# Took 3 cottontail last night ... 3 4 tha pot!



## Joey Jfive Lujan (Jan 19, 2015)

.36 cal lead balls that I casted was the ammo ..























Sent from my SM-G955U using Tapatalk


----------



## josealvarado15 (Mar 2, 2018)

sweet good hunt.


----------



## Joey Jfive Lujan (Jan 19, 2015)

josealvarado15 said:


> sweet good hunt.


Thank you!

Sent from my SM-G955U using Tapatalk


----------



## BushpotChef (Oct 7, 2017)

Awesome man looks like good eating and food fun! Happy days! 

Sent from my SM-J320W8 using Tapatalk


----------



## Joey Jfive Lujan (Jan 19, 2015)

BushpotChef said:


> Awesome man looks like good eating and food fun! Happy days!
> 
> Sent from my SM-J320W8 using Tapatalk


Oh ya!! Gotta love it !

Sent from my SM-G955U using Tapatalk


----------



## Ibojoe (Mar 13, 2016)

You got some healthy looking rabbits in your neck of the woods.(or desert) Nice head shots! Do you just use a head lamp or do you have a bigger spot light.


----------



## Joey Jfive Lujan (Jan 19, 2015)

Ibojoe said:


> You got some healthy looking rabbits in your neck of the woods.(or desert) Nice head shots! Do you just use a head lamp or do you have a bigger spot light.


Thanks joe!! Yes they are tasty buggars!! Lol .. yes pal i just use my headlamp .. eyes glow like marbles .. so I aim right next to the marble

Sent from my SM-G955U using Tapatalk


----------



## MikmaqWarrior (May 12, 2014)

Nice bro...I love hunting with .36 lead...

Sent from my B1-770 using Tapatalk


----------



## Joey Jfive Lujan (Jan 19, 2015)

MikmaqWarrior said:


> Nice bro...I love hunting with .36 lead...
> 
> Sent from my B1-770 using Tapatalk


Thanks man!! Yup same here ! Hits hard and shoots flat!!

Sent from my SM-G955U using Tapatalk


----------



## mostho (Mar 28, 2017)

great chatches.
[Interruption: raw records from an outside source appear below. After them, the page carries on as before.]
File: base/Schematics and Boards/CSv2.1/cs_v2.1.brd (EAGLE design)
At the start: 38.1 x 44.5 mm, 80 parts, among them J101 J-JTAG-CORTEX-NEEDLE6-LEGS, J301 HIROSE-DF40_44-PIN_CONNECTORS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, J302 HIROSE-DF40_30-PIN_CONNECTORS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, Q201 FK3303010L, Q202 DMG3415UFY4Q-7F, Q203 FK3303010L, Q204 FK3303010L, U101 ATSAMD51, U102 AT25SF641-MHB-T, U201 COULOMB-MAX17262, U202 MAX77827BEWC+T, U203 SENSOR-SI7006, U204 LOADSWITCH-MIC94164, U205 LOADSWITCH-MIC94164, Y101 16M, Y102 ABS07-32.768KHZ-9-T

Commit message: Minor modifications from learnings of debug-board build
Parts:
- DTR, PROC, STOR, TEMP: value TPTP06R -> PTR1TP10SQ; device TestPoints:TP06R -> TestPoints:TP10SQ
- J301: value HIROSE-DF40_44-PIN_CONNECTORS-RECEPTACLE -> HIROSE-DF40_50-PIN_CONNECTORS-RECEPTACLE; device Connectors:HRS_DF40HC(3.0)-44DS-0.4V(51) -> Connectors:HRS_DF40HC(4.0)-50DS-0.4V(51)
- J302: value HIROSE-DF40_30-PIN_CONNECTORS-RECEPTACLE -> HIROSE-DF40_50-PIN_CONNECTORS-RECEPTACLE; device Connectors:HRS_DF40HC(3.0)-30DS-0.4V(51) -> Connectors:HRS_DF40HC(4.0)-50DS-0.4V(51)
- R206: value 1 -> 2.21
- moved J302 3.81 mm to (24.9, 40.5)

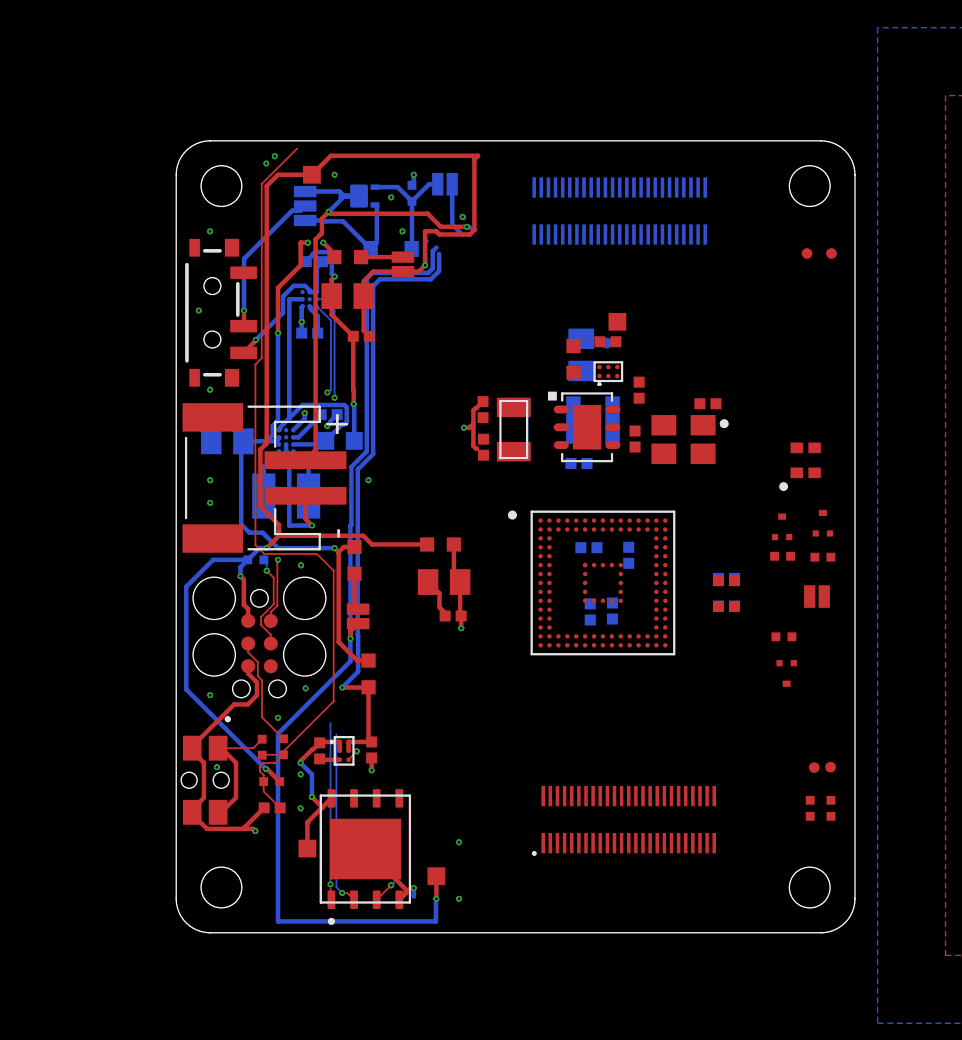
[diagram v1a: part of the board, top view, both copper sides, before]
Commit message: Revision 2.1 of schematic for the CommonSense Main Board
Changes include (at the least): Removal LED NFETs, increase connector size to 50 pins w/ 4mm z-height, swap FLASH for a Winbond part with 1 Gbit NVM, change current measurement to include two daughter card channels, add LDO as alternative to buck-boost with gating solder jumpers, modify power-switching setup to use dual PFET (one is an extension of the mechanical switch to allow higher currents), total revamp of DTR/DBG card pin-mapping, and probably a few more small items. 

These changes are local to the schematic, for the most part. Changes to the board are minimal, but do include shifting the connector up, as well as the top-most drill-holes
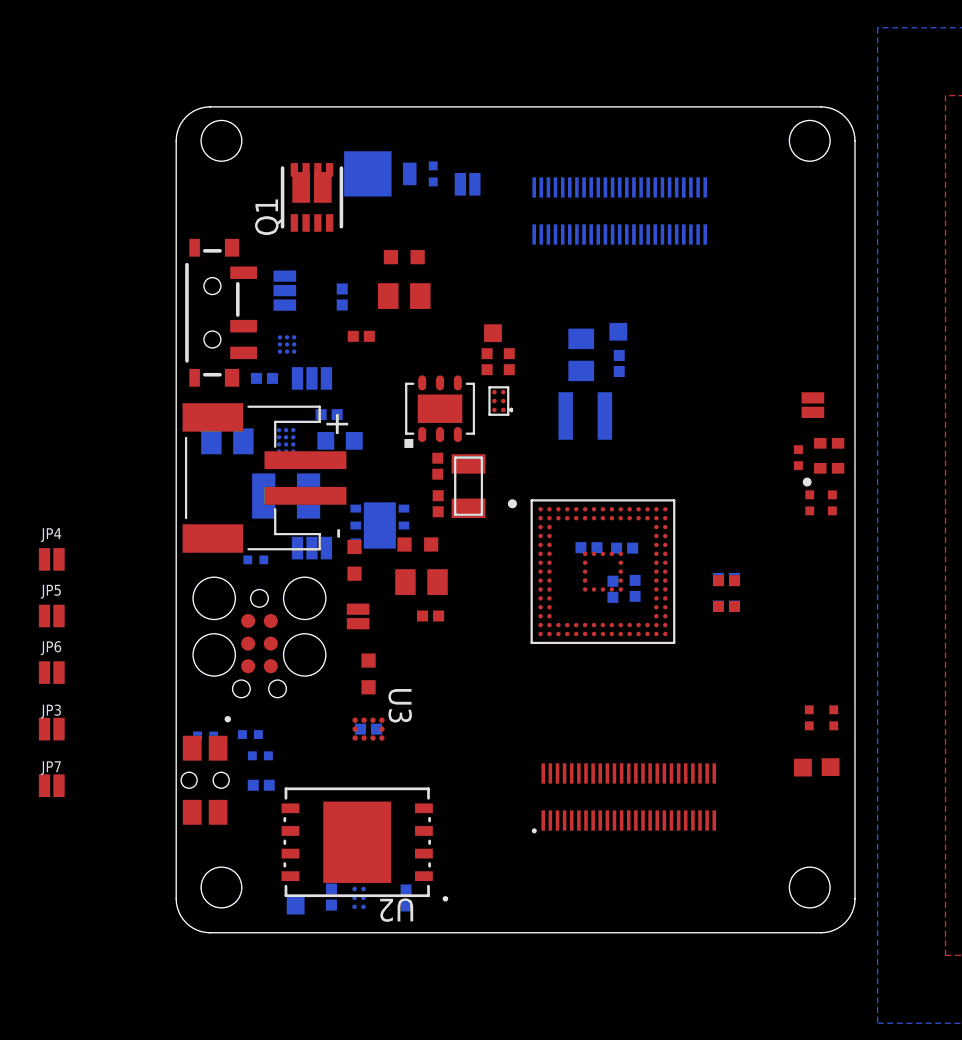
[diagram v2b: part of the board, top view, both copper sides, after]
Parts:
- removed C116, C117: 6.8p, Capacitors:C0402
- removed DTR, PROC: PTR1TP10SQ, TestPoints:TP10SQ
- removed JP204: JUMPER-SMT_2_NC_PASTE_NO-SILK, Connectors:SMT-JUMPER_2_NC_PASTE_NO-SILK
- removed Q201, Q203, Q204: FK3303010L, Switches:SSSMINI3
- removed Q202: DMG3415UFY4Q-7F, Switches:X2-DFN2015-3
- removed R205: 10, Resistors:R0603
- removed RXDBG, TXDBG: TPTP06R, TestPoints:TP06R
- removed U102: AT25SF641-MHB-T, Storage:8-UDFN
- removed Y101: 16M, Oscillators:XTAL_EPSON_TSX3225
- added C1: 0.1u, Capacitors:C0402
- added JP1, JP2: JUMPER-SMT_3_1-NC_PASTE_NO-SILK, SparkFun-Jumpers:SMT-JUMPER_3_1-NC_PASTE_NO-SILK
- added JP3, JP7: JUMPER-SMT_2_NC_PASTE_NO-SILK, Connectors:SMT-JUMPER_2_NC_PASTE_NO-SILK
- added JP4, JP5, JP6: JUMPER-SMT_2_NO_PASTEFREE, Connectors:SMT-JUMPER_2_NO_PASTEFREE_NO-SILK
- added Q1: SIS903DN, Switches:POWERPACK1212_SIS903DN
- added U1: NCP708MU330TAG, Regulators:UDFN6_NCP708]
- added U2: W25N01GVZEIG, Storage:WSON-8_W15N
- added U3: TS3A24159YZPR, Switches:DSBGA10
- CPU, SCL, SDA: value TPTP06R -> PTR1TP10SQ; device TestPoints:TP06R -> TestPoints:TP10SQ
- D201: value CUS520H3F -> MBRM110ET1G; device Diodes:CUS520H3F -> Diodes:DO-216AA_ONS
- moved JP202 10.7 mm to (35.7, 29.6), turned to 90 degrees
- moved C208 9.58 mm to (12.9, 1.96), flipped to the bottom
- moved C206 8.56 mm to (8.71, 2.01), flipped to the bottom
- moved U203 8.32 mm to (14.8, 29.4), turned to 90 degrees
- moved U204 8.30 mm to (10.3, 1.96), flipped to the bottom
- moved R203 7.66 mm to (35.6, 24.1), turned to 270 degrees
- moved C209 7.46 mm to (18.7, 32.1)
- moved TEMP 7.01 mm to (17.8, 33.7)
- moved C207 6.87 mm to (17.4, 32.1), turned to 90 degrees
- moved U205 6.36 mm to (18.1, 29.8), turned to 180 degrees
- moved C103 6.05 mm to (24.9, 32.0), turned to 270 degrees
- moved R204 5.61 mm to (34.9, 26.7), turned to 270 degrees
- moved R103 5.08 mm to (36.9, 12.1), turned to 90 degrees
- moved R104 5.08 mm to (35.5, 12.1), turned to 90 degrees
- moved JP203 4.89 mm to (6.10, 36.0), turned to 270 degrees
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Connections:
- net DTR_V_SENSE- renamed DTR_MSTR_GPIO1
- removed net +3V3_DTR_SENSE: JP205.2, R207.2
- removed net +3V3_PROC_SENSE: JP204.2, R206.2
- removed net +3V3_STOR_SENSE: C206.1, J302.18, R208.2, U204.A2, U204.B2
- removed net +3V3_TEMP_SENSE: C207.1, J302.20, R205.2, U205.A2, U205.B2
- removed net DTR_BUS0_AIN0: J301.8, U101.PA02
- removed net DTR_BUS0_AIN1: J301.16, U101.PA03
- removed net DTR_BUS0_GPIO0: J301.24, U101.PB12
- removed net DTR_BUS0_GPIO1: J301.32, U101.PB13
- removed net DTR_BUS0_SERCOM0_P0: J301.7, U101.PA08
- removed net DTR_BUS0_SERCOM0_P1: J301.15, U101.PA09
- removed net DTR_BUS0_SERCOM0_P2: J301.23, U101.PA10
- removed net DTR_BUS0_SERCOM0_P3: J301.31, U101.PA11
- removed net DTR_BUS1_AIN0: J301.10, U101.PA04
- removed net DTR_BUS1_AIN1: J301.18, U101.PA05
- removed net DTR_BUS2_AIN0: J301.12, U101.PC02
- removed net DTR_BUS2_AIN1: J301.20, U101.PC03
- removed net DTR_BUS3_AIN0: J301.14, U101.PB04
- removed net DTR_BUS3_AIN1: J301.22, U101.PB05
- removed net DTR_BUS3_GPIO0: J301.30, U101.PA06
- removed net DTR_BUS3_GPIO1: J301.38, U101.PA07
- removed net DTR_BUS3_SERCOM7_P0: J301.13, U101.PD08
- removed net DTR_BUS3_SERCOM7_P1: J301.21, U101.PD09
- removed net DTR_BUS3_SERCOM7_P2: J301.29, U101.PD10
- removed net DTR_BUS3_SERCOM7_P3: J301.37, U101.PD11
- removed net DTR_DETECT: J301.39, U101.PA21
- removed net DTR_MASTER_I2C_SCL: J301.40, R103.1, SCL.TP, U101.PA23, U201.B1, U203.6
- removed net DTR_MASTER_I2C_SDA: J301.42, R104.1, SDA.TP, U101.PA22, U201.C1, U203.1
- removed net DTR_MASTER_IRQ: J301.44
- removed net N$16: Q203.3, R203.2
- removed net STOR_HOLD: U101.PB07, U102.7
- removed net STOR_SPI5_MISO: U101.PB03, U102.2
- removed net STOR_SPI5_MOSI: U101.PB00, U102.5
- removed net STOR_SPI5_NCS: U101.PB02, U102.1
- removed net STOR_SPI5_SCK: U101.PB01, U102.6
- removed net STOR_WP: U101.PB06, U102.3
- removed net VDD_DBG: J302.2, J302.4, JP201.2
- removed net VDD_SW_IN: JP203.2, S201.2
- removed net XIN: C116.1, U101.PB22, Y101.1
- removed net XOUT: C117.1, U101.PB23, Y101.3
- new net +3V3_DTR_SENSE-: JP205.2, JP5.2, R207.2, U3.A1, U3.A3, U3.C1
- new net DBG_DTR_V_SENSE: J301.8, J302.18
- new net DBG_DTR_V_SENSE_EX: J302.20, U3.C3
- new net DBG_GPIO10: J302.40, U101.PB28
- new net DBG_GPIO11: J302.38, U101.PB29
- new net DBG_GPIO4/SERCOM6_P0: J302.30, U101.PC16
- new net DBG_GPIO5/SERCOM6_P1: J302.32, U101.PC17
- new net DBG_GPIO6/SERCOM6_P2: J302.34, U101.PC18
- new net DBG_GPIO7/SERCOM6_P3: J302.36, U101.PC19
- new net DBG_GPIO8: J302.44, U101.PB26
- new net DBG_GPIO9: J302.42, U101.PB27
- new net DBG_PROC_V_SENSE: J302.16, JP6.2, JP7.2, R206.2
- new net DBG_STOR_V_SENSE: C206.1, J302.22, JP4.2, R208.2, U204.A2, U204.B2
- new net DBG_VDD: J302.2, J302.4, J302.6, JP201.2
- new net DTR_BUS0_AIN0/GPIO2: J301.7, U101.PA02
- new net DTR_BUS0_AIN1/GPIO3: J301.9, U101.PA03
- new net DTR_BUS0_GPIO0/I2S_SCK0: J301.19, U101.PB16
- new net DTR_BUS0_GPIO1/I2S_MCK0: J301.21, U101.PB17
- new net DTR_BUS0_SERCOM5_P0/I2S_FS1: J301.42, U101.PA23
- new net DTR_BUS0_SERCOM5_P1/I2S_SDI: J301.40, U101.PA22
- new net DTR_BUS0_SERCOM5_P2/I2S_FS0: J301.30, U101.PA20
- new net DTR_BUS0_SERCOM5_P3/I2S_SDO: J301.28, U101.PA21
- new net DTR_BUS1_AIN0/GPIO2: J301.11, U101.PA04
- new net DTR_BUS1_AIN1/GPIO3: J301.13, U101.PA05
- new net DTR_BUS2_AIN0/GPIO2: J301.15, U101.PC02
- new net DTR_BUS2_AIN1/GPIO3: J301.17, U101.PC03
- new net DTR_DETECT/DTR_IRQ0/SERCOM7_P2: J301.16, U101.PD10
- new net DTR_IRQ1/SERCOM7_P3: J301.18, U101.PD11
- new net DTR_MSTR_GPIO0: J301.41, U101.PC15
- new net DTR_MSTR_GPIO_1: U101.PC20
- new net DTR_MSTR_I2C_SCL_SERCOM7_P1: J301.14, R103.1, SCL.TP, U101.PD09, U201.B1, U203.6
- new net DTR_MSTR_I2C_SDA_SERCOM7_P0: J301.12, R104.1, SDA.TP, U101.PD08, U201.C1, U203.1
- new net DTR_MSTR_SPI_CSS0_SERCOM3_P2: J301.37, U101.PD20
- new net DTR_MSTR_SPI_CSS1: J301.31, U101.PD12
- new net DTR_MSTR_SPI_MISO_SERCOM3_P3: J301.39, U101.PD21
- new net DTR_MSTR_SPI_MOSI_SERCOM3_P0: J301.33, U101.PC23
- new net DTR_MSTR_SPI_SCK_SERCOM3_P1: J301.35, U101.PC22
- new net DTR_SENSE_SW: U101.PC07, U3.B1, U3.B3
- new net DTR_V_SENSE_EX: J301.10, U3.D3
- new net N$11: Q1.4, S201.2
- new net N$3: JP2.1, U202.C2, U202.C3
- new net N$7: JP1.3, U1.1, U1.6
- new net N$8: JP203.2, Q1.10, Q1.5, Q1.6, S201.1
- new net STOR_QSPI_CK: U101.PB10, U2.6
- new net STOR_QSPI_CS: U101.PB11, U2.1
- new net STOR_QSPI_D0: U101.PA08, U2.5
- new net STOR_QSPI_D1: U101.PA09, U2.2
- new net STOR_QSPI_D2: U101.PA10, U2.3
- new net STOR_QSPI_D3: U101.PA11, U2.7
- new net VREG_BB_IN: JP1.1, U202.A2, U202.C4
- net +3V3: now also C207.1, J302.14, JP2.2, JP3.2, JP4.1, JP5.1, JP6.1, U205.A2, U205.B2, U3.D1; no longer J302.12, R205.1, U202.C2, U202.C3
- net +3V3_DTR: no longer DTR.TP, J302.16
- net +3V3_PROC: now also JP7.1; no longer J302.14, JP204.1, PROC.TP
- net +3V3_STOR: now also U2.8; no longer U102.8
- net +3V7_BATT: now also J302.12, JP203.1, Q1.7, Q1.8, Q1.9; no longer J302.6, JP203.3, Q202.3-1, Q202.3-2
- net CC_IN: now also Q1.3; no longer S201.1
- net DBG_GPIO0: now also J302.31, U101.PB22; no longer J302.7, U101.PC16
- net DBG_GPIO1: now also J302.29, U101.PB23; no longer J302.9, U101.PC17
- net DBG_GPIO2: now also J302.27, U101.PB24; no longer J302.11, U101.PC18
- net DBG_GPIO3: now also J302.25, U101.PB25; no longer J302.13, U101.PC19
- net DBG_SERIAL_RX_SERCOM4: now also J302.9; no longer J302.17, RXDBG.TP
- net DBG_SERIAL_TX_SERCOM4: now also J302.11; no longer J302.15, TXDBG.TP
- net DBG_SWCLK: now also J302.28; no longer J302.19
- net DBG_SWDIO: now also J302.26; no longer J302.21
- net DBG_TRACE_CLK: now also J302.23; no longer J302.26
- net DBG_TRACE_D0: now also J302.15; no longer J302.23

I think you can catch now even without forn nor without bands...

:king:


----------



## Joey Jfive Lujan (Jan 19, 2015)

Thank you my friend for the kind words 

Sent from my SM-G955U using Tapatalk


----------



## MikmaqWarrior (May 12, 2014)

Nice harvest bro...I love .36 call lead....fast, flat, and hits hard

Sent from my B3-A40 using Tapatalk


----------



## MikmaqWarrior (May 12, 2014)

I actually commented twice on this...and said same as your reply...lol

Sent from my B3-A40 using Tapatalk


----------



## Joey Jfive Lujan (Jan 19, 2015)

mostho said:


> great chatches. I think you can catch now even without forn nor without bands...
> :king:


Thanks my friend .. I am a little late ha ha .. I missed your message for some reason 

Sent from my SM-N900P using Tapatalk


----------



## Joey Jfive Lujan (Jan 19, 2015)

MikmaqWarrior said:


> Nice harvest bro...I love .36 call lead....fast, flat, and hits hard
> 
> Sent from my B3-A40 using Tapatalk


Thanks man! .. good seeing u here .. yup .36 lead is probably my favorite round .. its a good weight

Sent from my SM-N900P using Tapatalk


----------



## Joey Jfive Lujan (Jan 19, 2015)

MikmaqWarrior said:


> I actually commented twice on this...and said same as your reply...lol
> 
> Sent from my B3-A40 using Tapatalk


Haha I seeeee !

Sent from my SM-N900P using Tapatalk


----------



## AUSSIE4 (Nov 21, 2019)

Joey Jfive Lujan said:


> .36 cal lead balls that I casted was the ammo ..
> 
> 
> 
> ...


What slingshot is that orange one. PocketPredator Scorpian? If so, does it have aiming grooves as I can not see in the picture on his website.


----------